Abstract

Movement disorder of Parkinson’s disease (PD) is usually quantified by the Movement Disorders Society-sponsored Revision of the Unified Parkinson’s Disease Rating Scale (MDS-UPDRS) to evaluate its severity. However, the lack of well-trained experts and subjective inter-rater variability often limit an effective and objective assessment in clinical practice. Hence, developing an automated assessment method for movement disorders in PD is crucial. Here, we present a novel vision-based fine-grained action recognition model to cope with one of the most critical and challenging tasks in clinical scales: the finger-tapping test. Specifically, we establish a three-stream fine-grained classification network with a Markov chain fusion model to aggregate multi-stream information of the skeleton sequence from finger-tapping test videos.

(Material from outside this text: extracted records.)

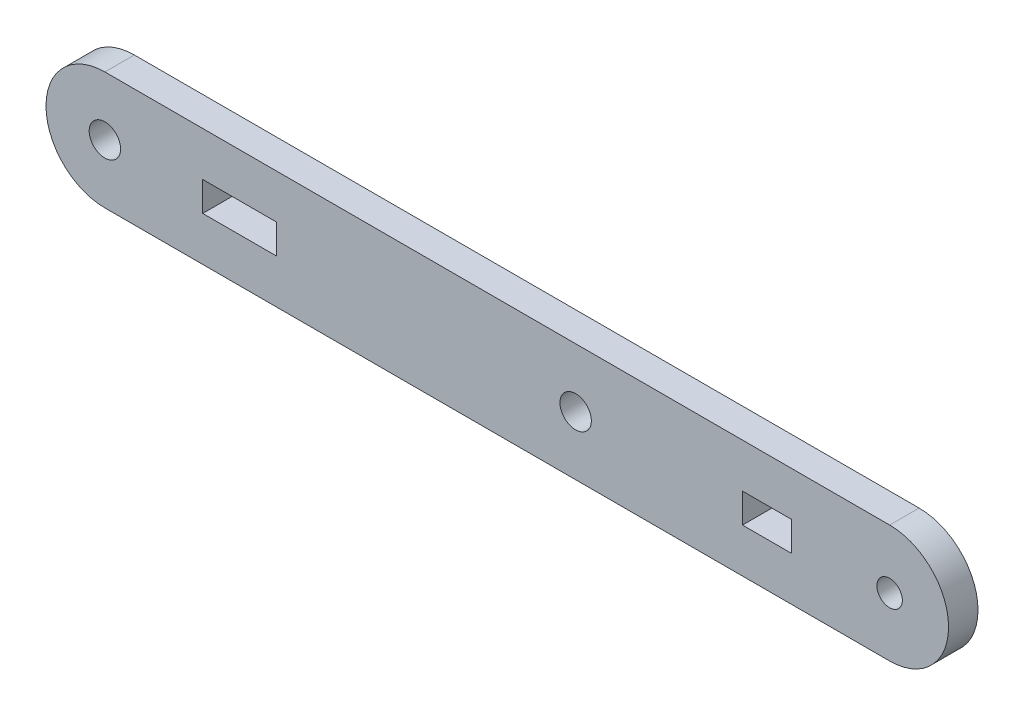
ISO-10303-21;
HEADER;
FILE_DESCRIPTION(('STEP AP214'),'2;1');
FILE_NAME('part.step','',(''),(''),'','','');
FILE_SCHEMA(('AUTOMOTIVE_DESIGN { 1 0 10303 214 1 1 1 1 }'));
ENDSEC;
DATA;
#1=APPLICATION_CONTEXT('core data for automotive mechanical design processes');
#2=APPLICATION_PROTOCOL_DEFINITION('international standard','automotive_design',2000,#1);
#3=PRODUCT_CONTEXT('',#1,'mechanical');
#4=PRODUCT('Part','Part','',(#3));
#5=PRODUCT_RELATED_PRODUCT_CATEGORY('part','',(#4));
#6=PRODUCT_DEFINITION_FORMATION('','',#4);
#7=PRODUCT_DEFINITION_CONTEXT('part definition',#1,'design');
#8=PRODUCT_DEFINITION('design','',#6,#7);
#9=PRODUCT_DEFINITION_SHAPE('','',#8);
#10=(LENGTH_UNIT() NAMED_UNIT(*) SI_UNIT(.MILLI.,.METRE.));
#11=(NAMED_UNIT(*) PLANE_ANGLE_UNIT() SI_UNIT($,.RADIAN.));
#12=(NAMED_UNIT(*) SI_UNIT($,.STERADIAN.) SOLID_ANGLE_UNIT());
#13=UNCERTAINTY_MEASURE_WITH_UNIT(LENGTH_MEASURE(1.E-05),#10,'distance_accuracy_value','');
#14=(GEOMETRIC_REPRESENTATION_CONTEXT(3) GLOBAL_UNCERTAINTY_ASSIGNED_CONTEXT((#13)) GLOBAL_UNIT_ASSIGNED_CONTEXT((#10,
#11,#12)) REPRESENTATION_CONTEXT('',''));
#15=CARTESIAN_POINT('',(0.,0.,0.));
#16=DIRECTION('',(0.,0.,1.));
#17=DIRECTION('',(1.,0.,0.));
#18=AXIS2_PLACEMENT_3D('',#15,#16,#17);
#19=CARTESIAN_POINT('',(30.6181719329405,6.,3.));
#20=DIRECTION('',(0.,0.,-1.));
#21=DIRECTION('',(-1.,0.,0.));
#22=AXIS2_PLACEMENT_3D('',#19,#20,#21);
#23=CYLINDRICAL_SURFACE('',#22,6.);
#24=CARTESIAN_POINT('',(30.6181719329405,6.,0.));
#25=DIRECTION('',(0.,0.,-1.));
#26=DIRECTION('',(-1.,0.,0.));
#27=AXIS2_PLACEMENT_3D('',#24,#25,#26);
#28=CIRCLE('',#27,6.);
#29=CARTESIAN_POINT('',(30.6181719329405,12.,0.));
#30=VERTEX_POINT('',#29);
#31=CARTESIAN_POINT('',(30.6181719329405,0.,0.));
#32=VERTEX_POINT('',#31);
#33=EDGE_CURVE('E216',#30,#32,#28,.T.);
#34=ORIENTED_EDGE('',*,*,#33,.F.);
#35=DIRECTION('',(0.,0.,-1.));
#36=VECTOR('',#35,1.);
#37=CARTESIAN_POINT('',(30.6181719329405,12.,3.));
#38=LINE('',#37,#36);
#39=CARTESIAN_POINT('',(30.6181719329405,12.,3.));
#40=VERTEX_POINT('',#39);
#41=EDGE_CURVE('E11',#40,#30,#38,.T.);
#42=ORIENTED_EDGE('',*,*,#41,.F.);
#43=CARTESIAN_POINT('',(30.6181719329405,6.,3.));
#44=DIRECTION('',(0.,0.,-1.));
#45=DIRECTION('',(-1.,0.,0.));
#46=AXIS2_PLACEMENT_3D('',#43,#44,#45);
#47=CIRCLE('',#46,6.);
#48=CARTESIAN_POINT('',(30.6181719329405,0.,3.));
#49=VERTEX_POINT('',#48);
#50=EDGE_CURVE('E226',#40,#49,#47,.T.);
#51=ORIENTED_EDGE('',*,*,#50,.T.);
#52=DIRECTION('',(0.,0.,-1.));
#53=VECTOR('',#52,1.);
#54=CARTESIAN_POINT('',(30.6181719329405,0.,3.));
#55=LINE('',#54,#53);
#56=EDGE_CURVE('E42',#49,#32,#55,.T.);
#57=ORIENTED_EDGE('',*,*,#56,.T.);
#58=EDGE_LOOP('',(#34,#42,#51,#57));
#59=FACE_BOUND('',#58,.T.);
#60=ADVANCED_FACE('F39',(#59),#23,.T.);
#61=CARTESIAN_POINT('',(-49.3435107871291,12.,3.));
#62=DIRECTION('',(0.,1.,0.));
#63=DIRECTION('',(0.,0.,1.));
#64=AXIS2_PLACEMENT_3D('',#61,#62,#63);
#65=PLANE('',#64);
#66=DIRECTION('',(1.,0.,0.));
#67=VECTOR('',#66,1.);
#68=CARTESIAN_POINT('',(-49.3435107871291,12.,0.));
#69=LINE('',#68,#67);
#70=CARTESIAN_POINT('',(-49.3435107871291,12.,0.));
#71=VERTEX_POINT('',#70);
#72=EDGE_CURVE('E231',#71,#30,#69,.T.);
#73=ORIENTED_EDGE('',*,*,#72,.F.);
#74=DIRECTION('',(0.,0.,-1.));
#75=VECTOR('',#74,1.);
#76=CARTESIAN_POINT('',(-49.3435107871291,12.,3.));
#77=LINE('',#76,#75);
#78=CARTESIAN_POINT('',(-49.3435107871291,12.,3.));
#79=VERTEX_POINT('',#78);
#80=EDGE_CURVE('E48',#79,#71,#77,.T.);
#81=ORIENTED_EDGE('',*,*,#80,.F.);
#82=DIRECTION('',(1.,0.,0.));
#83=VECTOR('',#82,1.);
#84=CARTESIAN_POINT('',(-49.3435107871291,12.,3.));
#85=LINE('',#84,#83);
#86=EDGE_CURVE('E239',#79,#40,#85,.T.);
#87=ORIENTED_EDGE('',*,*,#86,.T.);
#88=ORIENTED_EDGE('',*,*,#41,.T.);
#89=EDGE_LOOP('',(#73,#81,#87,#88));
#90=FACE_BOUND('',#89,.T.);
#91=ADVANCED_FACE('F273',(#90),#65,.T.);
#92=CARTESIAN_POINT('',(-49.3435107871291,6.,3.));
#93=DIRECTION('',(0.,0.,-1.));
#94=DIRECTION('',(-1.,0.,0.));
#95=AXIS2_PLACEMENT_3D('',#92,#93,#94);
#96=CYLINDRICAL_SURFACE('',#95,6.);
#97=CARTESIAN_POINT('',(-49.3435107871291,6.,0.));
#98=DIRECTION('',(0.,0.,-1.));
#99=DIRECTION('',(-1.,0.,0.));
#100=AXIS2_PLACEMENT_3D('',#97,#98,#99);
#101=CIRCLE('',#100,6.);
#102=CARTESIAN_POINT('',(-49.3435107871291,0.,0.));
#103=VERTEX_POINT('',#102);
#104=EDGE_CURVE('E250',#103,#71,#101,.T.);
#105=ORIENTED_EDGE('',*,*,#104,.F.);
#106=DIRECTION('',(0.,0.,-1.));
#107=VECTOR('',#106,1.);
#108=CARTESIAN_POINT('',(-49.3435107871291,0.,3.));
#109=LINE('',#108,#107);
#110=CARTESIAN_POINT('',(-49.3435107871291,0.,3.));
#111=VERTEX_POINT('',#110);
#112=EDGE_CURVE('E258',#111,#103,#109,.T.);
#113=ORIENTED_EDGE('',*,*,#112,.F.);
#114=CARTESIAN_POINT('',(-49.3435107871291,6.,3.));
#115=DIRECTION('',(0.,0.,-1.));
#116=DIRECTION('',(-1.,0.,0.));
#117=AXIS2_PLACEMENT_3D('',#114,#115,#116);
#118=CIRCLE('',#117,6.);
#119=EDGE_CURVE('E235',#111,#79,#118,.T.);
#120=ORIENTED_EDGE('',*,*,#119,.T.);
#121=ORIENTED_EDGE('',*,*,#80,.T.);
#122=EDGE_LOOP('',(#105,#113,#120,#121));
#123=FACE_BOUND('',#122,.T.);
#124=ADVANCED_FACE('F278',(#123),#96,.T.);
#125=CARTESIAN_POINT('',(30.6181719329405,0.,3.));
#126=DIRECTION('',(0.,-1.,0.));
#127=DIRECTION('',(0.,0.,-1.));
#128=AXIS2_PLACEMENT_3D('',#125,#126,#127);
#129=PLANE('',#128);
#130=DIRECTION('',(-1.,0.,0.));
#131=VECTOR('',#130,1.);
#132=CARTESIAN_POINT('',(30.6181719329405,0.,0.));
#133=LINE('',#132,#131);
#134=EDGE_CURVE('E246',#32,#103,#133,.T.);
#135=ORIENTED_EDGE('',*,*,#134,.F.);
#136=ORIENTED_EDGE('',*,*,#56,.F.);
#137=DIRECTION('',(-1.,0.,0.));
#138=VECTOR('',#137,1.);
#139=CARTESIAN_POINT('',(30.6181719329405,0.,3.));
#140=LINE('',#139,#138);
#141=EDGE_CURVE('E230',#49,#111,#140,.T.);
#142=ORIENTED_EDGE('',*,*,#141,.T.);
#143=ORIENTED_EDGE('',*,*,#112,.T.);
#144=EDGE_LOOP('',(#135,#136,#142,#143));
#145=FACE_BOUND('',#144,.T.);
#146=ADVANCED_FACE('F268',(#145),#129,.T.);
#147=CARTESIAN_POINT('',(30.6181719329405,6.,3.));
#148=DIRECTION('',(0.,0.,-1.));
#149=DIRECTION('',(-1.,0.,0.));
#150=AXIS2_PLACEMENT_3D('',#147,#148,#149);
#151=PLANE('',#150);
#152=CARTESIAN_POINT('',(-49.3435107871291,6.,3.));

Then, we develop a spatial–temporal attention mechanism to capture rich spatial and temporal long-range dependencies from skeleton data and introduce a symmetric bilinear pooling layer to enrich the local feature representation of each stream’s output. Besides, a mini-batch-based balanced algorithm is designed to ensure that the samples in each mini-batch are inter-class balanced, thus mitigating the effect of imbalanced data on neural networks. Finally, our three-stream fine-grained classification network achieved an accuracy of 72.4% and an acceptable accuracy of 98.3% on 157 patients and 744 videos. Extensive experiments further confirm our approach’s effectiveness and reliability. This method does not require any wearable device and has excellent potential for remote monitoring of PD patients in the future.